Joint Base Elmendorf-Richardson said two AH-64 Apache helicopters returning from a training mission collided and crashed near Healy.

Two of the soldiers were declared dead at the scene and another died while en route to Fairbanks Memorial Hospital, the base said. The fourth soldier is being treated at the hospital for injuries.

The helicopters were from the 1st Attack Reconnaissance Battalion’s 25th Aviation Regiment at Fort Wainwright in Fairbanks, officials said.

“This is an incredible loss for these soldiers’ families, their fellow soldiers, and for the division,” Maj. Gen. Brian Eifler, commanding general of the 11th Airborne Division, said in a statement. “Our hearts and prayers go out to their families, friends and loved ones, and we are making the full resources of the Army available to support them.”

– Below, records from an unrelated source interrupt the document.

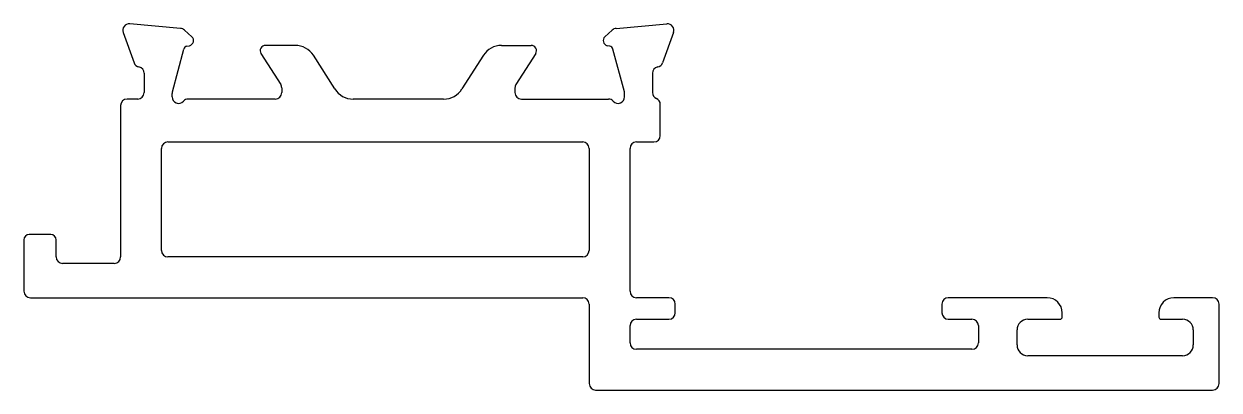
# Model space of a CAD drawing. Extents: x 1213 to 1268.6, y 1525.3 to 1542.4.
import ezdxf

# ---------------------------------------------------------------- set-up
doc = ezdxf.new("R2010")
doc.units = 0
doc.layers.get('0').update_dxf_attribs({"linetype": 'CONTINUOUS'})

msp = doc.modelspace()

# ---------------------------------------------------------------- linework, layer by layer
for p, q in [((1220.324, 1542.171), (1217.959, 1542.378)), ((1220.856, 1541.782), (1220.51, 1542.084)), ((1240.061, 1541.782), (1240.407, 1542.084)), ((1240.593, 1542.171), (1242.958, 1542.378)), ((1217.651, 1541.977), (1218.164, 1540.566)), ((1243.266, 1541.977), (1242.753, 1540.566)), ((1219.943, 1539.217), (1220.474, 1541.199)), ((1220.615, 1541.341), (1220.743, 1541.364)), ((1224.065, 1540.999), (1224.989, 1539.557)), ((1225.662, 1541.379), (1224.279, 1541.379)), ((1235.259, 1541.379), (1236.638, 1541.379)), ((1236.851, 1540.999), (1235.928, 1539.557)), ((1240.302, 1541.341), (1240.173, 1541.364)), ((1240.974, 1539.217), (1240.443, 1541.199)), ((1227.502, 1539.358), (1226.504, 1540.918)), ((1234.416, 1540.918), (1233.419, 1539.358)), ((1218.632, 1540.079), (1218.632, 1539.179)), ((1242.284, 1540.079), (1242.284, 1539.181)), ((1225.032, 1539.4), (1225.032, 1539.179)), ((1235.884, 1539.4), (1235.884, 1539.179)), ((1218.332, 1538.879), (1217.837, 1538.879)), ((1219.932, 1538.979), (1219.932, 1539.14)), ((1224.732, 1538.879), (1220.68, 1538.879)), ((1232.565, 1538.879), (1228.355, 1538.879)), ((1236.184, 1538.879), (1240.237, 1538.879)), ((1240.984, 1538.979), (1240.984, 1539.14)), ((1217.537, 1538.579), (1217.537, 1531.533)), ((1242.646, 1537.182), (1242.646, 1538.63)), ((1219.437, 1531.833), (1219.437, 1536.582)), ((1219.737, 1536.882), (1239.037, 1536.882)), ((1239.337, 1536.582), (1239.337, 1531.833)), ((1241.237, 1529.933), (1241.237, 1536.582)), ((1241.537, 1536.882), (1242.346, 1536.882)), ((1213.037, 1532.325), (1213.037, 1529.933)), ((1214.287, 1532.575), (1213.287, 1532.575)), ((1214.537, 1531.533), (1214.537, 1532.325)), ((1239.037, 1531.533), (1219.737, 1531.533)), ((1217.237, 1531.233), (1214.837, 1531.233)), ((1213.337, 1529.633), (1239.037, 1529.633)), ((1239.337, 1529.333), (1239.337, 1525.633)), ((1243.046, 1529.633), (1241.537, 1529.633)), ((1243.346, 1528.933), (1243.346, 1529.333)), ((1255.746, 1529.333), (1255.746, 1528.933)), ((1260.646, 1529.633), (1256.046, 1529.633)), ((1268.346, 1529.633), (1266.546, 1529.633)), ((1268.646, 1525.633), (1268.646, 1529.333)), ((1261.346, 1528.733), (1261.346, 1528.933)), ((1265.846, 1528.933), (1265.846, 1528.733)), ((1241.237, 1527.533), (1241.237, 1528.333)), ((1241.537, 1528.633), (1243.046, 1528.633)), ((1256.046, 1528.633), (1257.146, 1528.633)), ((1257.446, 1528.333), (1257.446, 1527.533)), ((1259.746, 1528.633), (1261.246, 1528.633)), ((1265.946, 1528.633), (1266.946, 1528.633)), ((1259.246, 1527.433), (1259.246, 1528.133)), ((1267.446, 1528.133), (1267.446, 1527.433)), ((1257.146, 1527.233), (1241.537, 1527.233)), ((1266.946, 1526.933), (1259.746, 1526.933)), ((1239.637, 1525.333), (1268.346, 1525.333))]:
    msp.add_line(p, q)
for centre, radius, start, end in [((1217.932, 1542.079), 0.3, 85, 200), ((1220.298, 1541.872), 0.3, 45, 85), ((1240.619, 1541.872), 0.3, 95, 135), ((1242.984, 1542.079), 0.3, 340, 95), ((1220.679, 1541.605), 0.25, 285, 45), ((1240.238, 1541.605), 0.25, 135, 255), ((1220.667, 1541.148), 0.2, 105, 165), ((1224.279, 1541.129), 0.25, 90, 211.3955), ((1225.662, 1540.379), 1, 32.6037, 90), ((1235.259, 1540.379), 1, 90, 147.3963), ((1236.638, 1541.129), 0.25, 328.6045, 90), ((1240.25, 1541.148), 0.2, 15, 75), ((1218.446, 1540.668), 0.3, 200, 259.0957), ((1242.471, 1540.668), 0.3, 280.9043, 340), ((1218.332, 1540.079), 0.3, 0, 79.0957), ((1242.584, 1540.079), 0.3, 100.9043, 180), ((1224.732, 1539.4), 0.3, 0, 31.3955), ((1228.355, 1539.879), 1, 211.4, 270), ((1232.565, 1539.879), 1, 270, 328.6), ((1236.184, 1539.4), 0.3, 148.6045, 180), ((1217.837, 1538.579), 0.3, 90, 180), ((1218.332, 1539.179), 0.3, 270, 360), ((1220.232, 1539.14), 0.3, 165, 180), ((1220.232, 1538.979), 0.3, 180, 318.1897), ((1220.68, 1538.579), 0.3, 90, 138.1897), ((1224.732, 1539.179), 0.3, 270, 0), ((1236.184, 1539.179), 0.3, 180, 270), ((1240.237, 1538.579), 0.3, 41.8103, 90), ((1240.684, 1538.979), 0.3, 221.8103, 360), ((1240.684, 1539.14), 0.3, 0, 15), ((1242.584, 1539.181), 0.3, 180, 246.618), ((1242.346, 1538.63), 0.3, 0, 66.618), ((1242.346, 1537.182), 0.3, 270, 360), ((1219.737, 1536.582), 0.3, 90, 180), ((1239.037, 1536.582), 0.3, 0, 90), ((1241.537, 1536.582), 0.3, 90, 180), ((1213.287, 1532.325), 0.25, 90, 180), ((1214.287, 1532.325), 0.25, 0, 90), ((1214.837, 1531.533), 0.3, 180, 270), ((1217.237, 1531.533), 0.3, 270, 360), ((1219.737, 1531.833), 0.3, 180, 270), ((1239.037, 1531.833), 0.3, 270, 0), ((1213.337, 1529.933), 0.3, 180, 270), ((1241.537, 1529.933), 0.3, 180, 270), ((1239.037, 1529.333), 0.3, 0, 90), ((1243.046, 1529.333), 0.3, 0, 90), ((1256.046, 1529.333), 0.3, 90, 180), ((1260.646, 1528.933), 0.7, 0, 90), ((1266.546, 1528.933), 0.7, 90, 180), ((1268.346, 1529.333), 0.3, 0, 90), ((1243.046, 1528.933), 0.3, 270, 360), ((1256.046, 1528.933), 0.3, 180, 270), ((1261.246, 1528.733), 0.1, 270, 360), ((1265.946, 1528.733), 0.1, 180, 270), ((1241.537, 1528.333), 0.3, 90, 180), ((1257.146, 1528.333), 0.3, 0, 90), ((1259.746, 1528.133), 0.5, 90, 180), ((1266.946, 1528.133), 0.5, 0, 90), ((1241.537, 1527.533), 0.3, 180, 270), ((1257.146, 1527.533), 0.3, 270, 360), ((1259.746, 1527.433), 0.5, 180, 270), ((1266.946, 1527.433), 0.5, 270, 0), ((1239.637, 1525.633), 0.3, 180, 270), ((1268.346, 1525.633), 0.3, 270, 360)]:
    msp.add_arc(centre, radius, start, end)

doc.saveas('drawing.dxf')

“The Fort Wainwright community is one of the tightest military communities I’ve seen in my 32 years of service,” Eifler added. “I have no doubt they will pull together during this exceptional time of need and provide comfort to our families of our fallen.”

Fort Wainwright’s Emergency Assistance Center has been activated for support, and people can call 907-353-4452, officials said.

The incident is being investigated. Healy is about 110 miles southwest of Fairbanks by vehicle.

In March, nine service members died after two Army Black Hawk helicopters crashed during a training mission in Trigg County, Kentucky, an Army official said.

This is a developing story. Please check back for updates.

ABC News’ Peter Charalambous, Victoria Arancio, Kevin Shalvey and Jaclyn Lee contributed to this report.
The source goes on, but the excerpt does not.